For library and technology support for the honors college, $29 million:

$24 million for a library acquisitions fund and endowment to support the honors college. An immediate acquisition fund of $5 million will be used to update and acquire library materials. The remaining $19 million will create a permanent endowment for this purpose.
$5 million for a technology upgrade fund, to improve access to Internet 2 and to upgrade classrooms, laboratories and other learning sites into state-of-the-technology instructional environments.
The Graduate School:

The $100 million to endow the University of Arkansas Graduate School will be apportioned as follows. The intent is to double the size of graduate enrollments from 2,936 at present to 5,500 by 2010 in the University’s 34 doctoral and 96 master’s programs, and to support the growth of University research programs.

For graduate students, $64 million:

$24 million in endowment to establish 60 distinguished doctoral fellowships, each funded by an endowment of $400,000 which would generate about $20,000 annually for the fellowship. This level of stipend, to be supplemented up to $10,000 by the University department that enrolls the student, will allow the University to compete for the most talented doctoral students in the nation.
$40 million for a graduate assistant endowment fund. Too many stipends for graduate assistants at the University are low paying and noncompetitive, nationally. The annual earnings from this endowment - roughly $2 million - will be used to increase the amount of current stipends to bring them up to competitive levels, while also creating new stipends where needed.
For graduate research faculty chairs, $24 million:

$24 million will go to endow eight new graduate faculty endowed research chairs, each funded with a principal of $3 million.
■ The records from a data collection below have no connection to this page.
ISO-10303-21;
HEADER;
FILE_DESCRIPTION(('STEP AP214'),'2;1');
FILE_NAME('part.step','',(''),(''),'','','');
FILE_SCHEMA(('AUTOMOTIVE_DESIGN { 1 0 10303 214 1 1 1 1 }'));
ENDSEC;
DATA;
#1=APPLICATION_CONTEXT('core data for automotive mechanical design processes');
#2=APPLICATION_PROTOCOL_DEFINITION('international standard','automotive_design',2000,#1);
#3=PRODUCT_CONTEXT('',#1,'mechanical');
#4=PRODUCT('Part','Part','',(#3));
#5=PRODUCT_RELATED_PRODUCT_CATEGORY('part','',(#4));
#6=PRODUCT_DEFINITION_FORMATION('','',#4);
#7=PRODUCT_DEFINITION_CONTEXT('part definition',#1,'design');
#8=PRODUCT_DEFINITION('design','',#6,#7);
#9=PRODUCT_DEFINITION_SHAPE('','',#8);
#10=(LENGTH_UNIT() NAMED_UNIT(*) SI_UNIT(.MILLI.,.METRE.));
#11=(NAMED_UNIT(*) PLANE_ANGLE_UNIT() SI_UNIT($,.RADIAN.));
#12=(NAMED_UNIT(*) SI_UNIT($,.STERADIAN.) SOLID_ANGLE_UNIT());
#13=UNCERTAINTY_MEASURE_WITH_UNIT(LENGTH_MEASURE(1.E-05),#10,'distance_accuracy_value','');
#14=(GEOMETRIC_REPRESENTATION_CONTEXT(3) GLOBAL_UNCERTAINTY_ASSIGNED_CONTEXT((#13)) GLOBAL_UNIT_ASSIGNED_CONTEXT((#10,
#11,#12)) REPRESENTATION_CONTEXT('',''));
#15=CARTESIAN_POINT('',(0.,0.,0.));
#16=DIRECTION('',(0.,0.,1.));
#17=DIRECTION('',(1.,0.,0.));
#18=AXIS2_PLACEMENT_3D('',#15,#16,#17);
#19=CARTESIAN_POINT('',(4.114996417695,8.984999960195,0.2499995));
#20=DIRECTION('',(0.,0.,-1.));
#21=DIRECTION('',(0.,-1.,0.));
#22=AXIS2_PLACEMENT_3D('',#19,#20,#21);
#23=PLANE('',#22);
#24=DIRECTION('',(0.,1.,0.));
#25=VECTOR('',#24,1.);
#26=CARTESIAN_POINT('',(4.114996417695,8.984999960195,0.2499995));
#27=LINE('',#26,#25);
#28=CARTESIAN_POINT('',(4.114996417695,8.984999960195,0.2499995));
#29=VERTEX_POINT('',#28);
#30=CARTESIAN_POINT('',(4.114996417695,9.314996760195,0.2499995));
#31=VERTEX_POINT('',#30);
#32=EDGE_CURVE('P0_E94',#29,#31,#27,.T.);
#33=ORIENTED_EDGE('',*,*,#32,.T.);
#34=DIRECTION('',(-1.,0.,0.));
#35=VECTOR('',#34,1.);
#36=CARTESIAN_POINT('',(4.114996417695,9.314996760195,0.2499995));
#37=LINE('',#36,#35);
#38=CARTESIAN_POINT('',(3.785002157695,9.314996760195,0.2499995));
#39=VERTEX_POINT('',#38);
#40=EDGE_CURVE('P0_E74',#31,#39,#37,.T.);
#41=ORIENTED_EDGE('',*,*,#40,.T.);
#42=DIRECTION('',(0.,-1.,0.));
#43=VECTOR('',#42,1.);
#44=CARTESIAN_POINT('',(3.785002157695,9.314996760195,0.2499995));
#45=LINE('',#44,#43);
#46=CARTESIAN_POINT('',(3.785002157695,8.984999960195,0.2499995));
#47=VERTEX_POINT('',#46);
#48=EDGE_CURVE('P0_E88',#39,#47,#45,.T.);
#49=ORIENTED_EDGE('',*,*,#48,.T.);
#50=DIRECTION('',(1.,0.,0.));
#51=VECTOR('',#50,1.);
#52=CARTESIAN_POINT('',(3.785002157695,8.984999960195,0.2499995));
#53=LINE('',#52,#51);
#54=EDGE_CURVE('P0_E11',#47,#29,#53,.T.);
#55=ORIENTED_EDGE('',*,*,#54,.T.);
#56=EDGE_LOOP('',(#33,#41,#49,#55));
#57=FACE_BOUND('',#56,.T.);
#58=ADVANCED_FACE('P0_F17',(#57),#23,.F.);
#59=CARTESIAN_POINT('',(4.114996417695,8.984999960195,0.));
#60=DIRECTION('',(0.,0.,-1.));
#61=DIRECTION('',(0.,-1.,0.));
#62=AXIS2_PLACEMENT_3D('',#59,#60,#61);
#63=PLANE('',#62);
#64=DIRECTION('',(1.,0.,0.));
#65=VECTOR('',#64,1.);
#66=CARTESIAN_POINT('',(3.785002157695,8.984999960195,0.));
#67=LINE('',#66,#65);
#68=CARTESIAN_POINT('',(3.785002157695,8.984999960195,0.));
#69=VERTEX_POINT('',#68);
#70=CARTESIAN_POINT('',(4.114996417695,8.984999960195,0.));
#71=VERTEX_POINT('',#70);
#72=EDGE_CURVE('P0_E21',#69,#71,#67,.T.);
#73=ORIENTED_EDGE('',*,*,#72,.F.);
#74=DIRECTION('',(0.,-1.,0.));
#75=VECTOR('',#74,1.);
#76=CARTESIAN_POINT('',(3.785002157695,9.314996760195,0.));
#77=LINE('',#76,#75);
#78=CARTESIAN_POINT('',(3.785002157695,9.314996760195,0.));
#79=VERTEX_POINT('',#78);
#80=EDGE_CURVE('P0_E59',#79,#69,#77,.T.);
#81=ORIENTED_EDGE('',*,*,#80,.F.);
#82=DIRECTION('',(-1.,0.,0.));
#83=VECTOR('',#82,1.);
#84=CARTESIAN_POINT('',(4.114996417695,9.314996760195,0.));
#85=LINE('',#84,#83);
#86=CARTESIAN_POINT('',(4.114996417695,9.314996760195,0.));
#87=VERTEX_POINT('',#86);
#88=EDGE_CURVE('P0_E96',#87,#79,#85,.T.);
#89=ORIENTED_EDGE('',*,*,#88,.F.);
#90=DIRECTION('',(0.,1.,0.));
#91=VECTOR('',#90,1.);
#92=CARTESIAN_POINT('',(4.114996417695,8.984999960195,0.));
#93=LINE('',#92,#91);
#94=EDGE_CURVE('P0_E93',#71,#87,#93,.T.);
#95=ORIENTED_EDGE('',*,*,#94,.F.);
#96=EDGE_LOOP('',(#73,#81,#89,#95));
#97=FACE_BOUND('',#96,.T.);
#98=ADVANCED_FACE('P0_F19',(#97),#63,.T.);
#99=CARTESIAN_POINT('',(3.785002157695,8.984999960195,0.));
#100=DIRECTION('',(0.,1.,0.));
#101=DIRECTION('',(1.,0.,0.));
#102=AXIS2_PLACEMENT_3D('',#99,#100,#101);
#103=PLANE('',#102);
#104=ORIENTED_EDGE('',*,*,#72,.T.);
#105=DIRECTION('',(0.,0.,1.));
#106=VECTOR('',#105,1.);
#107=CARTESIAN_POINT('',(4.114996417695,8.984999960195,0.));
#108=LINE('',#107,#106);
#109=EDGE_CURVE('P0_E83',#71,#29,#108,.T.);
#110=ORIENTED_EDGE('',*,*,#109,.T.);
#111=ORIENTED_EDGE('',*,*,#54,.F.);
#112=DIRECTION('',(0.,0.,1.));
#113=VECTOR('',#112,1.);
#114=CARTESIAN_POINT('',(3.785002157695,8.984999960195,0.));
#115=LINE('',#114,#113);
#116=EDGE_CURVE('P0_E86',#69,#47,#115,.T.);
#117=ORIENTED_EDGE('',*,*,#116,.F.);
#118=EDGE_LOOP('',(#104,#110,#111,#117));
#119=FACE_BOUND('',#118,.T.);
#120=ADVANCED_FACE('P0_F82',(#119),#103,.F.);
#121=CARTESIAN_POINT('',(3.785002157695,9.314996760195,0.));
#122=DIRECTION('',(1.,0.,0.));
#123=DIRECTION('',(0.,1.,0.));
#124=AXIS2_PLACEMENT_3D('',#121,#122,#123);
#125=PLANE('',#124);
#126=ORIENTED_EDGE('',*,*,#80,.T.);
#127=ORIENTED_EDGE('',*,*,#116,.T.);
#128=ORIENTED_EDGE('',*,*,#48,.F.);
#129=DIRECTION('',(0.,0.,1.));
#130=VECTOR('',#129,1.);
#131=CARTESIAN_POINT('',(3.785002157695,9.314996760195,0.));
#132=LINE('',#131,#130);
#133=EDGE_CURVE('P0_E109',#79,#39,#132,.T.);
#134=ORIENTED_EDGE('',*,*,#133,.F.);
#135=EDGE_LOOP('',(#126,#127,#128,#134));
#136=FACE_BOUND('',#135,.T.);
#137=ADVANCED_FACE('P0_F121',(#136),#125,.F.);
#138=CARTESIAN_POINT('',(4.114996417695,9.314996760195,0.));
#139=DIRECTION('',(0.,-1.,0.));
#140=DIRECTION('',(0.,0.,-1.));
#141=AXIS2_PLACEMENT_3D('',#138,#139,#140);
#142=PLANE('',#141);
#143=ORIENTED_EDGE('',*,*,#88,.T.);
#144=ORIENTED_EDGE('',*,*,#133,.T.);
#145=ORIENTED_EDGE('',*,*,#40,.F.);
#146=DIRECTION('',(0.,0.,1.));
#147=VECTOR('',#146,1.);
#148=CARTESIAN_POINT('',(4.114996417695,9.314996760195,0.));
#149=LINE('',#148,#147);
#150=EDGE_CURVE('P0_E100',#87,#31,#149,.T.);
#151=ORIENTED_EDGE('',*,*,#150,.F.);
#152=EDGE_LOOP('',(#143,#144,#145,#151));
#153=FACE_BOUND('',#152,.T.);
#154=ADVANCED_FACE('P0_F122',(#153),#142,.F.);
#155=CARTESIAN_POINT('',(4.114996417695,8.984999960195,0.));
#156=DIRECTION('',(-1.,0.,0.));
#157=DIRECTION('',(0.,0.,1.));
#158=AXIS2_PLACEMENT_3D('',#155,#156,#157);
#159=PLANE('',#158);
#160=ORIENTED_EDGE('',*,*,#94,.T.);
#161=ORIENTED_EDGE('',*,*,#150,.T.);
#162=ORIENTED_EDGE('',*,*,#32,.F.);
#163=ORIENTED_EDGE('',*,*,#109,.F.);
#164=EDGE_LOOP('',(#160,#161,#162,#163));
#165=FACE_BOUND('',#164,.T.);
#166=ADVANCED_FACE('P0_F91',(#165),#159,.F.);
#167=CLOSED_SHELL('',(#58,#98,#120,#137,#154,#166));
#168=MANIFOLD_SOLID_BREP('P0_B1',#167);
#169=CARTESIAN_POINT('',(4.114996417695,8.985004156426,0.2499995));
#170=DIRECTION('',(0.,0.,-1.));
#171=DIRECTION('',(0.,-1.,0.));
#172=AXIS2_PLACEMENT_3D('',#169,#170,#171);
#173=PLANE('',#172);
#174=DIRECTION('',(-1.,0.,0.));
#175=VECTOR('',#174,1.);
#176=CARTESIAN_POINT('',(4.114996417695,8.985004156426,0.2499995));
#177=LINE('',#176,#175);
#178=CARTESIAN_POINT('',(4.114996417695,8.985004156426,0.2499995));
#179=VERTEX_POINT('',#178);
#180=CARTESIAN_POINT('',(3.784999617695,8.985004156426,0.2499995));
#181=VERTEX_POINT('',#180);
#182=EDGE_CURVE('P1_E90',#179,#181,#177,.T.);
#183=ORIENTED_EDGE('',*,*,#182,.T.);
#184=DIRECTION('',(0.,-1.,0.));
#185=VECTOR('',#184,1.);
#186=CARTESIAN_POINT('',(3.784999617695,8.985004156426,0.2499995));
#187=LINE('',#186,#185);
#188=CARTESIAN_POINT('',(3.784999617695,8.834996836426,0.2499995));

These will be used to recruit eight top new faculty who have been elected to the National Academies of Science or Engineering or equivalent organizations worldwide. These faculty members will focus exclusively on developing or enhancing research programs in their areas of expertise and will work with graduate students and honors college undergraduates in these endeavors.
For library and research support of graduate education, $12 million.

$8 million to endow a graduate student research fund, to support the travel, research and equipment needs of graduate students.
$4 million for a library support endowment in support of graduate education. This will support library acquisitions and other library services related to the needs of graduate students.